Work to be completed
Pull out every line below holding the word "Sources".

***** Provided data *****

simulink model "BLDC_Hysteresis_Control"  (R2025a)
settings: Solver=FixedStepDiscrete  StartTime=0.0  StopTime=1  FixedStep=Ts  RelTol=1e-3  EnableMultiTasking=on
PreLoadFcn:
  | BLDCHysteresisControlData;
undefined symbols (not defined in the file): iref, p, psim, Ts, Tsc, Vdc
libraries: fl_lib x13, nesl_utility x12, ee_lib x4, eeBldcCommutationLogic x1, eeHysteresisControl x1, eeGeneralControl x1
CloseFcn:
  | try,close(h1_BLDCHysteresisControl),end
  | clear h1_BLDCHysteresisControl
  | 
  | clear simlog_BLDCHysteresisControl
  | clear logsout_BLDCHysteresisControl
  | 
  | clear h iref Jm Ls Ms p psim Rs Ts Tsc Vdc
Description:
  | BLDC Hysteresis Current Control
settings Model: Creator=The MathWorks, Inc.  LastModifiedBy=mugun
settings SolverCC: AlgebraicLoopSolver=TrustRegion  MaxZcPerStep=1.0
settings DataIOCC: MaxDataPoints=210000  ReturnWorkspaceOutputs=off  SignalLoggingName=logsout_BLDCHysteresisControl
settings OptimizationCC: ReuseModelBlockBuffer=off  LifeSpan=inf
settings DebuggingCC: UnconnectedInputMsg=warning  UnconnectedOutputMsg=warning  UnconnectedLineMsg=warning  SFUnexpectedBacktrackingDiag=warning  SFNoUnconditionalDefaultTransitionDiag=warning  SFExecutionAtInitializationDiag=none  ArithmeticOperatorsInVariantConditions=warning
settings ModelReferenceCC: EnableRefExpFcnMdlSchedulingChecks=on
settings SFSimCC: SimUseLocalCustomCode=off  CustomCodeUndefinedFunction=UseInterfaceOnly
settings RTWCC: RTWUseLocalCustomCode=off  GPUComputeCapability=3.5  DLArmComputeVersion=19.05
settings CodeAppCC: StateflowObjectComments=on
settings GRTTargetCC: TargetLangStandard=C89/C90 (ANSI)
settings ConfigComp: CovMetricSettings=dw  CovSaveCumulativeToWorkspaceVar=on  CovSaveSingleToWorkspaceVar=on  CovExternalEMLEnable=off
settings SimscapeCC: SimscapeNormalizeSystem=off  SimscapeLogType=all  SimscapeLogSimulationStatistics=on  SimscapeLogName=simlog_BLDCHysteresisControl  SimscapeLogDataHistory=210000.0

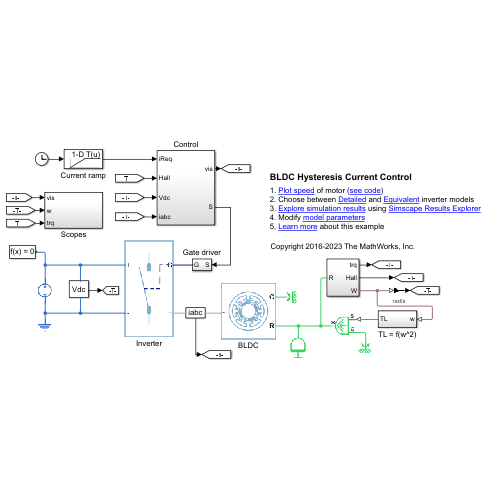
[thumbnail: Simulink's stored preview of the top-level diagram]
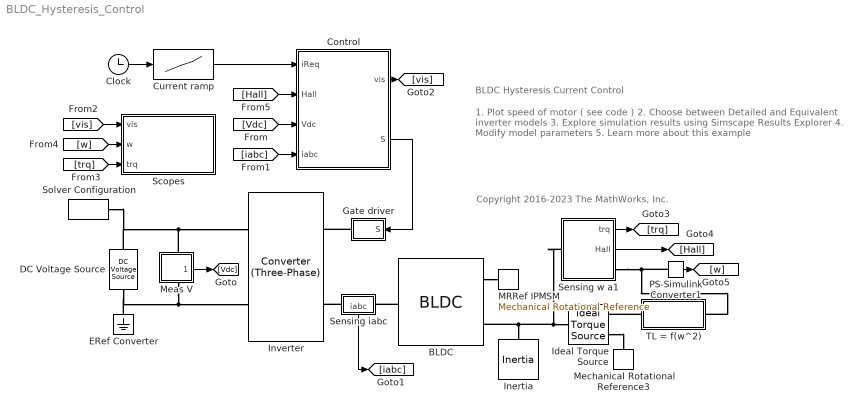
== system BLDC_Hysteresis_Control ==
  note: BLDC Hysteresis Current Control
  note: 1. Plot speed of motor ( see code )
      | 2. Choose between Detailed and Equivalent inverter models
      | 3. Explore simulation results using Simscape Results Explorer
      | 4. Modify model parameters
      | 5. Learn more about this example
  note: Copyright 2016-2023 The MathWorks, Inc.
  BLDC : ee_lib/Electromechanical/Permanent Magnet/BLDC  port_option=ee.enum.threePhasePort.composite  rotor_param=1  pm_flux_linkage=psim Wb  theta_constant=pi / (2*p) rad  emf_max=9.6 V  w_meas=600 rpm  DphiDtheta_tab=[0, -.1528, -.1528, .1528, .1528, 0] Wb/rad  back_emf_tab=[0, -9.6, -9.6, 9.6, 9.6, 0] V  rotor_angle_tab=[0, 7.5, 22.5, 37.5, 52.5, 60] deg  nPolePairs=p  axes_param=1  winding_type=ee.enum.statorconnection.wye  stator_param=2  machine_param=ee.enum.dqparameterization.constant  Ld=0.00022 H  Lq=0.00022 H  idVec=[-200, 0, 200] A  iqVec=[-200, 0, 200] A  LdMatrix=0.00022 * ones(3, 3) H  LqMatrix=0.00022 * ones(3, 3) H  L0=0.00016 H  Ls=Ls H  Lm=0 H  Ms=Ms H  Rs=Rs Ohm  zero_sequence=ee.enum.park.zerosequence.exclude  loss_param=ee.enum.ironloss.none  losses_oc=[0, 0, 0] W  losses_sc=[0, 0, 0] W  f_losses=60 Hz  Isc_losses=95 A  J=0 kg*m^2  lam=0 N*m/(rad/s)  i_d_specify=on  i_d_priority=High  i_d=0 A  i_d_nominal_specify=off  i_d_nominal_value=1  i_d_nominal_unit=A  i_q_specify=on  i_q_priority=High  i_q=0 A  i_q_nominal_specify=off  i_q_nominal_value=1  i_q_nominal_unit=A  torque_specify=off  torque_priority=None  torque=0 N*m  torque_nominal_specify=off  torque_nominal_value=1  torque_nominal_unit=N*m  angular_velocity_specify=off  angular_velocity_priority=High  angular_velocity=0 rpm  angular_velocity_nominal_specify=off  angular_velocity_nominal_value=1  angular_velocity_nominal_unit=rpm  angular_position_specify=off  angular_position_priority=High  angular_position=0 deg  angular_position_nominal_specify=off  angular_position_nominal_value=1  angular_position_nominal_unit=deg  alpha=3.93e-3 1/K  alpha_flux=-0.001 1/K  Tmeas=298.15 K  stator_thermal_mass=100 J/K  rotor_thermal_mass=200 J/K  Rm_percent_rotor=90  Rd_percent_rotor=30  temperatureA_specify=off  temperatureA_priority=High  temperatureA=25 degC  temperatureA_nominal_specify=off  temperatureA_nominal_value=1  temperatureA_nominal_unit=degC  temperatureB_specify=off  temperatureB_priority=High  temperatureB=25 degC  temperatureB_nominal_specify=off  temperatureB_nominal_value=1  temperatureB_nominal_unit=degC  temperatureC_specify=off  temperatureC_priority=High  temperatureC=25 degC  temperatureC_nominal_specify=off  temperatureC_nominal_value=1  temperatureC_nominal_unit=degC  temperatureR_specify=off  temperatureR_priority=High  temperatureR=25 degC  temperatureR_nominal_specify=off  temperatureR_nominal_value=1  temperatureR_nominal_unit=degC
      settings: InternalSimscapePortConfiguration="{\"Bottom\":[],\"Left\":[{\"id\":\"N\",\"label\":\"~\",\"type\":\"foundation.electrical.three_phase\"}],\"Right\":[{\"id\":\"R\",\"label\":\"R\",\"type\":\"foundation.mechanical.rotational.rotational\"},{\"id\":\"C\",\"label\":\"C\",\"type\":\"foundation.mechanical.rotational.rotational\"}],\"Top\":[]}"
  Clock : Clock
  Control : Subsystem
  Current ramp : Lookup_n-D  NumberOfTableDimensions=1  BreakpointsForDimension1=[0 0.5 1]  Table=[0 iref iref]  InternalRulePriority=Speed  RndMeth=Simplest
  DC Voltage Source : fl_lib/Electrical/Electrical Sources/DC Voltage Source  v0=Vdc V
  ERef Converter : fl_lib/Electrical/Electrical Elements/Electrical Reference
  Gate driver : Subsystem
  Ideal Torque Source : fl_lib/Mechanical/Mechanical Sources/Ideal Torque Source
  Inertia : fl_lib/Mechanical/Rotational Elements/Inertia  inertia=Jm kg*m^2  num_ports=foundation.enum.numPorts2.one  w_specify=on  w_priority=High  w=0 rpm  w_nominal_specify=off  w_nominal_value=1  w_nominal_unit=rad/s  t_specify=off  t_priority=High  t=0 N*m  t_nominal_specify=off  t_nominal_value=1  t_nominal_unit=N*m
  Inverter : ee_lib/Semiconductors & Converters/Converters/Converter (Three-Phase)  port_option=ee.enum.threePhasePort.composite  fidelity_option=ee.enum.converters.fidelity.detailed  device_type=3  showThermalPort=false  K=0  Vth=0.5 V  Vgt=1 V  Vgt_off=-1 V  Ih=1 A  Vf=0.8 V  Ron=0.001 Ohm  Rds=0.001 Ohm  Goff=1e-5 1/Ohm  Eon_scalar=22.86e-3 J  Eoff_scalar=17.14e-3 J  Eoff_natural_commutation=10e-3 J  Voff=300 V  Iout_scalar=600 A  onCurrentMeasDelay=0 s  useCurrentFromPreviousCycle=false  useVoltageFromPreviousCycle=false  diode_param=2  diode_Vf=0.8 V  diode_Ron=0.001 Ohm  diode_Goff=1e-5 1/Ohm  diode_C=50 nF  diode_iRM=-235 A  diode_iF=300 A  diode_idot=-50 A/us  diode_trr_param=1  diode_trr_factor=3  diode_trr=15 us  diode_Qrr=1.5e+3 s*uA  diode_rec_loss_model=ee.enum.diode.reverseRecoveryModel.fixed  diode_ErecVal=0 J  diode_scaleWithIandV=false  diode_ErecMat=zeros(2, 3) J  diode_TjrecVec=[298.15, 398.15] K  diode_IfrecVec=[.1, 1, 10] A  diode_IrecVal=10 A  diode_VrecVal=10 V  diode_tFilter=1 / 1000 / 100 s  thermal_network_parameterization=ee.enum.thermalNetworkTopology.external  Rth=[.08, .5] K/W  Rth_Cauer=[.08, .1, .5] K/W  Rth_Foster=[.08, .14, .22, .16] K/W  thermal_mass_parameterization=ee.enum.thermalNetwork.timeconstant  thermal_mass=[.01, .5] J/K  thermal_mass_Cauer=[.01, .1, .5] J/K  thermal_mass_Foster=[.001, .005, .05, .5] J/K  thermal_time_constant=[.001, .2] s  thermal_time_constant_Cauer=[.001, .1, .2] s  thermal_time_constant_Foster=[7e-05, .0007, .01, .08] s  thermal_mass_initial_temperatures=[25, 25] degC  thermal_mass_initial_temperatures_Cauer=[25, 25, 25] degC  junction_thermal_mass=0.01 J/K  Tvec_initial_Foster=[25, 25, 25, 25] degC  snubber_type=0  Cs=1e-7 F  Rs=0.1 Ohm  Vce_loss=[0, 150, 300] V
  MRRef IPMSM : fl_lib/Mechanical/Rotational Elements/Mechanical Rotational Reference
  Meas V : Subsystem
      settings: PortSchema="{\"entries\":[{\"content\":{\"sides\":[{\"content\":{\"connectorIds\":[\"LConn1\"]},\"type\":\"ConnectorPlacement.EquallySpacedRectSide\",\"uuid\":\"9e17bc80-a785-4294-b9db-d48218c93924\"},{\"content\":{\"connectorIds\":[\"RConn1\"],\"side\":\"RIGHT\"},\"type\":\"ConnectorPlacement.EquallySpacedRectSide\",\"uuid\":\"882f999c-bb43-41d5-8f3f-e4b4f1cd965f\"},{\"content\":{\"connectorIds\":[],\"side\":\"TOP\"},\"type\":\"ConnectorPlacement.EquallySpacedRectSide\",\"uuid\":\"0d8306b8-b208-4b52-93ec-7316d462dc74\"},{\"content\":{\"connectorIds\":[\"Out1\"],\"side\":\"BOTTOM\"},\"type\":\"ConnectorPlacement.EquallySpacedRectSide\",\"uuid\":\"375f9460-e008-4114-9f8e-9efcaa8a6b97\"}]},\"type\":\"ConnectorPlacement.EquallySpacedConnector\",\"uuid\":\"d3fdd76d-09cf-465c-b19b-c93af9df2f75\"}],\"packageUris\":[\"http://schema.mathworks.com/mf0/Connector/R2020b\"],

*****

Exercise result
  DC Voltage Source : fl_lib/Electrical/Electrical Sources/DC Voltage Source  v0=Vdc V
  Ideal Torque Source : fl_lib/Mechanical/Mechanical Sources/Ideal Torque Source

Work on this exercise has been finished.